[Extracted records — start]

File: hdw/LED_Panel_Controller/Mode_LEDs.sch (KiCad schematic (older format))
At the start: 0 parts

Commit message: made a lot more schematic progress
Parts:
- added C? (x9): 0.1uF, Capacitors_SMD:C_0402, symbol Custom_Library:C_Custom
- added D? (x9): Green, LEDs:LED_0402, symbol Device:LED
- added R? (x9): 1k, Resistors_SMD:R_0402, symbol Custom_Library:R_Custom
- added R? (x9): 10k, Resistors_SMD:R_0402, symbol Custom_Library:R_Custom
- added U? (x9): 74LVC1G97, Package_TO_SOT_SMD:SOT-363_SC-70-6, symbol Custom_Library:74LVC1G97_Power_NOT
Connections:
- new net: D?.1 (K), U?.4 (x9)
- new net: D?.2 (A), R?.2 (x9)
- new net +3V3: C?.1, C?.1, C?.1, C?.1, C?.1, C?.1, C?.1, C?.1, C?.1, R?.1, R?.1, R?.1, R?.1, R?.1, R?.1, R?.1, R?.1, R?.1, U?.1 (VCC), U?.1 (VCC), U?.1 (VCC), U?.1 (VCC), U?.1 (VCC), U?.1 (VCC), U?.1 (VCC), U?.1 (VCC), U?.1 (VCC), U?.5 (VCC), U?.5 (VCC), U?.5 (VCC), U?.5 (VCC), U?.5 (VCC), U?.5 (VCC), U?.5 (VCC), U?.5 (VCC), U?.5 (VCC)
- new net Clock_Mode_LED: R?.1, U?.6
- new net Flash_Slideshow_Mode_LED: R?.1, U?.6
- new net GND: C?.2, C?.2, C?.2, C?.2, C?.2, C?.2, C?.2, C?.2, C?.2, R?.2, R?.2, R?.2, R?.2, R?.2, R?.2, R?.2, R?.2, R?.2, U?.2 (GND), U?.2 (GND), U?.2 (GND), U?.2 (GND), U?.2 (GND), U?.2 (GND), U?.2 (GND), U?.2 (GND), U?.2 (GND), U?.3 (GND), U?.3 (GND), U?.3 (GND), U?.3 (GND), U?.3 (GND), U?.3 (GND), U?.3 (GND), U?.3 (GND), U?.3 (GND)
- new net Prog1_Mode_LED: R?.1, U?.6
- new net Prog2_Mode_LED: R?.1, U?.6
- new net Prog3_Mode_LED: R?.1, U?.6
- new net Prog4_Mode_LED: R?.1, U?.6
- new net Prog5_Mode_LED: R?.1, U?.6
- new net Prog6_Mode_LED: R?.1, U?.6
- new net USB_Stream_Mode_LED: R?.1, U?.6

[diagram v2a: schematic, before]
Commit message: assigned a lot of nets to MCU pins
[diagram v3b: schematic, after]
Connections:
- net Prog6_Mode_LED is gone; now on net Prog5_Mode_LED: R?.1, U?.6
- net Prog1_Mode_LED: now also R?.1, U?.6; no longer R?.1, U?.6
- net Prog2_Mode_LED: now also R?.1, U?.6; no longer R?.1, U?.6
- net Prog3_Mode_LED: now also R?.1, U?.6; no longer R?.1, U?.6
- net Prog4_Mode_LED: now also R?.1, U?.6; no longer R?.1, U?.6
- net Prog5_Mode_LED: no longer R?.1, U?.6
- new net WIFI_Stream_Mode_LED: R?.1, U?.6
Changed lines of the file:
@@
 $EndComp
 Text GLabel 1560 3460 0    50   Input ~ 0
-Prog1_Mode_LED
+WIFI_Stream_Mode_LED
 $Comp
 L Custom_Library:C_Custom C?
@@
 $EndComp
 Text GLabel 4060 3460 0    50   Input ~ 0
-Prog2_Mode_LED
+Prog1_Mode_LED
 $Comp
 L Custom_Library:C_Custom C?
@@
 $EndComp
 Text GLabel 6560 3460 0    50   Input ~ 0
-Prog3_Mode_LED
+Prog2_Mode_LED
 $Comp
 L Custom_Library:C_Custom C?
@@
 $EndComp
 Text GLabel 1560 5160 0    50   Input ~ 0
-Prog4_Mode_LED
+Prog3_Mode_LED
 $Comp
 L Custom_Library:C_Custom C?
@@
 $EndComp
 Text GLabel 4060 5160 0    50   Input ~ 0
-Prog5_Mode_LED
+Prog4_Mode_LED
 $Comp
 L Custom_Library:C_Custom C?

[Extracted records — finish]

The full set of records above must be retyped exactly.

File: hdw/LED_Panel_Controller/Mode_LEDs.sch (KiCad schematic (older format))
At the start: 0 parts

Commit message: made a lot more schematic progress
Parts:
- added C? (x9): 0.1uF, Capacitors_SMD:C_0402, symbol Custom_Library:C_Custom
- added D? (x9): Green, LEDs:LED_0402, symbol Device:LED
- added R? (x9): 1k, Resistors_SMD:R_0402, symbol Custom_Library:R_Custom
- added R? (x9): 10k, Resistors_SMD:R_0402, symbol Custom_Library:R_Custom
- added U? (x9): 74LVC1G97, Package_TO_SOT_SMD:SOT-363_SC-70-6, symbol Custom_Library:74LVC1G97_Power_NOT
Connections:
- new net: D?.1 (K), U?.4 (x9)
- new net: D?.2 (A), R?.2 (x9)
- new net +3V3: C?.1, C?.1, C?.1, C?.1, C?.1, C?.1, C?.1, C?.1, C?.1, R?.1, R?.1, R?.1, R?.1, R?.1, R?.1, R?.1, R?.1, R?.1, U?.1 (VCC), U?.1 (VCC), U?.1 (VCC), U?.1 (VCC), U?.1 (VCC), U?.1 (VCC), U?.1 (VCC), U?.1 (VCC), U?.1 (VCC), U?.5 (VCC), U?.5 (VCC), U?.5 (VCC), U?.5 (VCC), U?.5 (VCC), U?.5 (VCC), U?.5 (VCC), U?.5 (VCC), U?.5 (VCC)
- new net Clock_Mode_LED: R?.1, U?.6
- new net Flash_Slideshow_Mode_LED: R?.1, U?.6
- new net GND: C?.2, C?.2, C?.2, C?.2, C?.2, C?.2, C?.2, C?.2, C?.2, R?.2, R?.2, R?.2, R?.2, R?.2, R?.2, R?.2, R?.2, R?.2, U?.2 (GND), U?.2 (GND), U?.2 (GND), U?.2 (GND), U?.2 (GND), U?.2 (GND), U?.2 (GND), U?.2 (GND), U?.2 (GND), U?.3 (GND), U?.3 (GND), U?.3 (GND), U?.3 (GND), U?.3 (GND), U?.3 (GND), U?.3 (GND), U?.3 (GND), U?.3 (GND)
- new net Prog1_Mode_LED: R?.1, U?.6
- new net Prog2_Mode_LED: R?.1, U?.6
- new net Prog3_Mode_LED: R?.1, U?.6
- new net Prog4_Mode_LED: R?.1, U?.6
- new net Prog5_Mode_LED: R?.1, U?.6
- new net Prog6_Mode_LED: R?.1, U?.6
- new net USB_Stream_Mode_LED: R?.1, U?.6

[diagram v2a: schematic, before]
Commit message: assigned a lot of nets to MCU pins
[diagram v3b: schematic, after]
Connections:
- net Prog6_Mode_LED is gone; now on net Prog5_Mode_LED: R?.1, U?.6
- net Prog1_Mode_LED: now also R?.1, U?.6; no longer R?.1, U?.6
- net Prog2_Mode_LED: now also R?.1, U?.6; no longer R?.1, U?.6
- net Prog3_Mode_LED: now also R?.1, U?.6; no longer R?.1, U?.6
- net Prog4_Mode_LED: now also R?.1, U?.6; no longer R?.1, U?.6
- net Prog5_Mode_LED: no longer R?.1, U?.6
- new net WIFI_Stream_Mode_LED: R?.1, U?.6
Changed lines of the file:
@@
 $EndComp
 Text GLabel 1560 3460 0    50   Input ~ 0
-Prog1_Mode_LED
+WIFI_Stream_Mode_LED
 $Comp
 L Custom_Library:C_Custom C?
@@
 $EndComp
 Text GLabel 4060 3460 0    50   Input ~ 0
-Prog2_Mode_LED
+Prog1_Mode_LED
 $Comp
 L Custom_Library:C_Custom C?
@@
 $EndComp
 Text GLabel 6560 3460 0    50   Input ~ 0
-Prog3_Mode_LED
+Prog2_Mode_LED
 $Comp
 L Custom_Library:C_Custom C?
@@
 $EndComp
 Text GLabel 1560 5160 0    50   Input ~ 0
-Prog4_Mode_LED
+Prog3_Mode_LED
 $Comp
 L Custom_Library:C_Custom C?
@@
 $EndComp
 Text GLabel 4060 5160 0    50   Input ~ 0
-Prog5_Mode_LED
+Prog4_Mode_LED
 $Comp
 L Custom_Library:C_Custom C?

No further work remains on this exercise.